ACTIVITY: Say how many lines in the records contain "from". The reply must consist of the number alone.
[Opening DATA PROVIDED section]
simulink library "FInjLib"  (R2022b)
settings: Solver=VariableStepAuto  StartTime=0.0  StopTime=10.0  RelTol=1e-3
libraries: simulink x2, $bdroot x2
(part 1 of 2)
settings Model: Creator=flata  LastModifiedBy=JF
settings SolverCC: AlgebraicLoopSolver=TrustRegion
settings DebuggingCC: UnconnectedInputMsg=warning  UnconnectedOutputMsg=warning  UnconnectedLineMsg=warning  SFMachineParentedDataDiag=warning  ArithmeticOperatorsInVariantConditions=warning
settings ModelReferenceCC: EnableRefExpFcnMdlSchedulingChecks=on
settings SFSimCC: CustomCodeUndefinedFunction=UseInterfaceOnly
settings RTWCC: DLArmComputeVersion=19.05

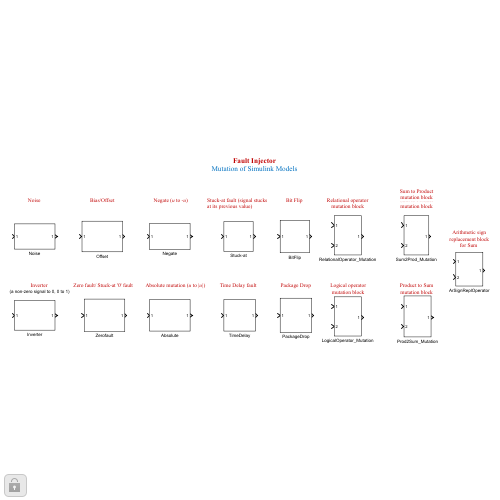
[thumbnail: Simulink's stored preview of the top-level diagram]
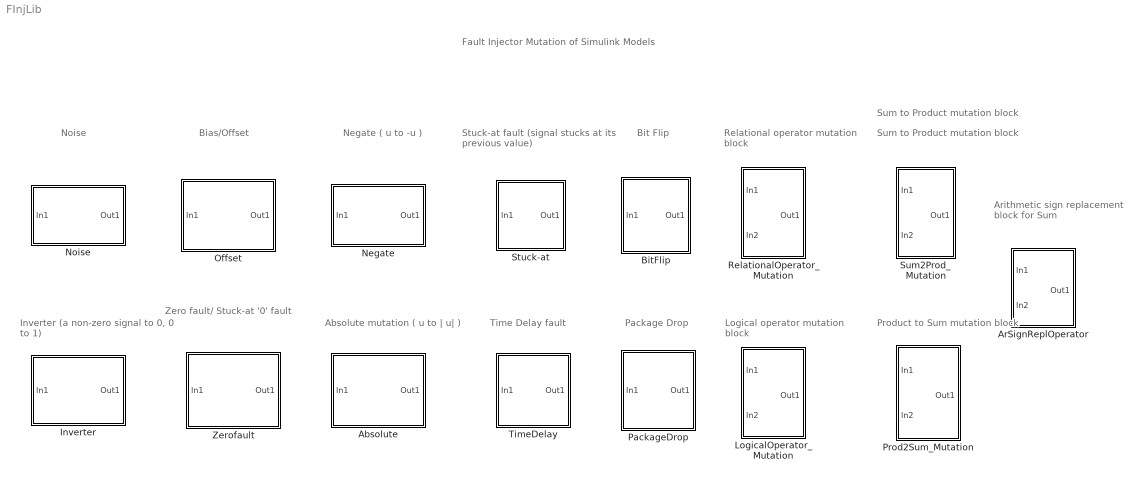
== system FInjLib ==
  note: Fault Injector
      | Mutation of Simulink Models
  note: Bias/Offset
  note: Noise
  note: Negate ( u to -u )
  note: Inverter
      | (a non-zero signal to 0, 0 to 1)
  note: Absolute mutation ( u to | u| )
  note: Zero fault/ Stuck-at '0' fault
  note: Stuck-at fault (signal stucks at its previous value)
  note: Time Delay fault
  note: Bit Flip
  note: Package Drop
  note: Relational operator mutation block
  note: Logical operator mutation block
  note: Sum to Product mutation block
  note: Product to Sum mutation block
  note: Arithmetic sign replacement block for Sum
  note: Sum to Product mutation block
  Absolute : Subsystem  mask(Absolue mutation block){FInjBlockNum=1, FIEnableflag=off, FaultOccurenceTime=0, FaultEffect=Infinite time, FaultDuration=1}
      mask prompts: FInjBlockNum "Name of the Fault Injector block"; FIEnableflag "Turn on fault injection"; FaultOccurenceTime "Enter the time of fault occurence (in seconds)"; FaultDuration "Enter the fault duration (in seconds)"
      mask help: This block makes a signal u to |u|.
      mask init:
      | a = Simulink.Mask.get(gcb);
      | Enable_signal = a.getParameter('FIEnableflag');
      | Fault_Occurence_Time = a.getParameter('FaultOccurenceTime');
      | Fault_Effect = a.getParameter('FaultEffect');
      | Fault_Duration = a.getParameter('FaultDuration');
      | 
      | value = Enable_signal.Value;
      | switch value
      |     case 'on'
      |     set_param('FInjLib/Absolute/Enable_flag', 'Value', '1');
      |     case 'off'
      |     set_param('FInjLib/Absolute/Enable_flag', 'Value', '0');
      | end
      | 
      | if Fault_Effect.Value == "Infinite time"
      |     Fault_Duration.Visible = 'off';
      | else
      |     Fault_Duration.Visible = 'on';
      | end
      | 
      | if Fault_Effect.Value == "Constant time"
      |     Fault_Duration.Prompt = "Enter the fault duration (in seconds)";
      | end
      | 
      | if Fault_Effect.Value == "Infinite time"
      |     set_param('FInjLib/Absolute/Faulttype','Value', '1');
      |     set_param('FInjLib/Absolute/Step', 'Time', Fault_Occurence_Time.Value);
      | else
      |     set_param('FInjLib/Absolute/Faulttype','Value', '2');
      |     set_param('FInjLib/Absolute/Pulse Generator', 'PhaseDelay', Fault_Occurence_Time.Value);
      |     set_param('FInjLib/Absolute/Pulse Generator', 'PulseWidth', Fault_Duration.Value);
      | end
      mask Help:
      | The block takes the following inputs:
      | - Name of the Fault Injector block ---- Feed a number as input
      | - Fault effect --- Constant time, Infinite time
      | - Fault duration --- if Fault effect is 'Constant time'
      | 
      | *For further information, see the file "README.m"
      mask TypeOptions FaultEffect: Infinite time | Constant time
      mask DialogControl Container3 Prompt: Fault Effect
  ArSignReplOperator : Subsystem  mask(Arithmetic Sign Replacement Block (for Sum)){FInjBlockNum=1, FIEnableflag=off, OperatorNum=2, FaultOccurenceTime=3, FaultEffect=Constant time, FaultDuration=5}
      mask prompts: FInjBlockNum "Name of the Fault Injector block"; FIEnableflag "Turn on fault injection"; OperatorNum "Enter the Operator Number from the above list"; FaultOccurenceTime "Enter the time of fault occurence (in seconds)"; FaultDuration "Enter the fault duration (in seconds)"
      mask help:
      | This block replaces the sign of the sum operator with the chosen one.
      |
      | Operator list:
      |
      | 1 : +-
      | 2 : --
      | 3 : ++
      | 4 : -+
      mask init:
      | a = Simulink.Mask.get(gcb);
      | Enable_signal = a.getParameter('FIEnableflag');
      | Fault_Occurence_Time = a.getParameter('FaultOccurenceTime');
      | Fault_Effect = a.getParameter('FaultEffect');
      | Fault_Duration = a.getParameter('FaultDuration');
      | Operator_Num = a.getParameter('OperatorNum');
      | 
      | value = Enable_signal.Value;
      | switch value
      |     case 'on'
      |     set_param('FInjLib/ArSignReplOperator/Enable_flag', 'Value', '1');
      |     case 'off'
      |     set_param('FInjLib/ArSignReplOperator/Enable_flag', 'Value', '0');
      | end
      | 
      | set_param('FInjLib/ArSignReplOperator/Operator Num', 'Value', Operator_Num.Value);
      | 
      | if Fault_Effect.Value == "Infinite time"
      |     Fault_Duration.Visible = 'off';
      | else
      |     Fault_Duration.Visible = 'on';
      | end
      | 
      | if Fault_Effect.Value == "Constant time"
      |     Fault_Duration.Prompt = "Enter the fault duration (in seconds)";
      | end
      | 
      | if Fault_Effect.Value == "Infinite time"
      |     set_param('FInjLib/ArSignReplOperator/Faulttype','Value', '1');
      |     set_param('FInjLib/ArSignReplOperator/Step', 'Time', Fault_Occurence_Time.Value);
      | else
      |     set_param('FInjLib/ArSignReplOperator/Faulttype','Value', '2');
      |     set_param('FInjLib/ArSignReplOperator/Pulse Generator', 'PhaseDelay', Fault_Occurence_Time.Value);
      |     set_param('FInjLib/ArSignReplOperator/Pulse Generator', 'PulseWidth', Fault_Duration.Value);
      | end
      mask Help:
      | The block takes the following inputs:
      | - Name of the Fault Injector block ---- Feed a number as input
      | - Operator Number -- Feed the operator number from the list of operators
      | - Fault effect --- Constant time, Infinite time
      | - Fault duration --- if Fault effect is 'Constant time'
      | 
      | *For further information, see the file "README.m"
      mask TypeOptions FaultEffect: Infinite time | Constant time
      mask DialogControl Container3 Prompt: Fault Effect
  BitFlip : Subsystem  mask(Bit Flips){FInjBlockNum=1, FIEnableflag=on, FaultOccurenceTime=0, FaultEffect=Infinite time, FaultDuration=0}
      mask prompts: FInjBlockNum "Name of the Fault Injector block"; FIEnableflag "Turn on fault injection"; FaultOccurenceTime "Enter the time of fault occurence (in seconds)"; FaultDuration "Enter the fault duration (in seconds)"
      mask help:
      | This block performs Bitwise NOT operation on the boolean signal.
      |  (The bits are inverted in the binary representation of the correct value).
      mask init:
      | a = Simulink.Mask.get(gcb);
      | Enable_signal = a.getParameter('FIEnableflag');
      | Fault_Occurence_Time = a.getParameter('FaultOccurenceTime');
      | Fault_Effect = a.getParameter('FaultEffect');
      | Fault_Duration = a.getParameter('FaultDuration');
      | 
      | value = Enable_signal.Value;
      | switch value
      |     case 'on'
      |     set_param('FInjLib/BitFlip/Enable_flag', 'Value', '1');
      |     case 'off'
      |     set_param('FInjLib/BitFlip/Enable_flag', 'Value', '0');
      | end
      | 
      | if Fault_Effect.Value == "Infinite time"
      |     Fault_Duration.Visible = 'off';
      | else
      |     Fault_Duration.Visible = 'on';
      | end
      | 
      | if Fault_Effect.Value == "Constant time"
      |     Fault_Duration.Prompt = "Enter the fault duration (in seconds)";
      | end
      | 
      | if Fault_Effect.Value == "Infinite time"
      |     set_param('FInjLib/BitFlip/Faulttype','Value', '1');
[Closing DATA PROVIDED section]
ANSWER TO THIS TASK: 2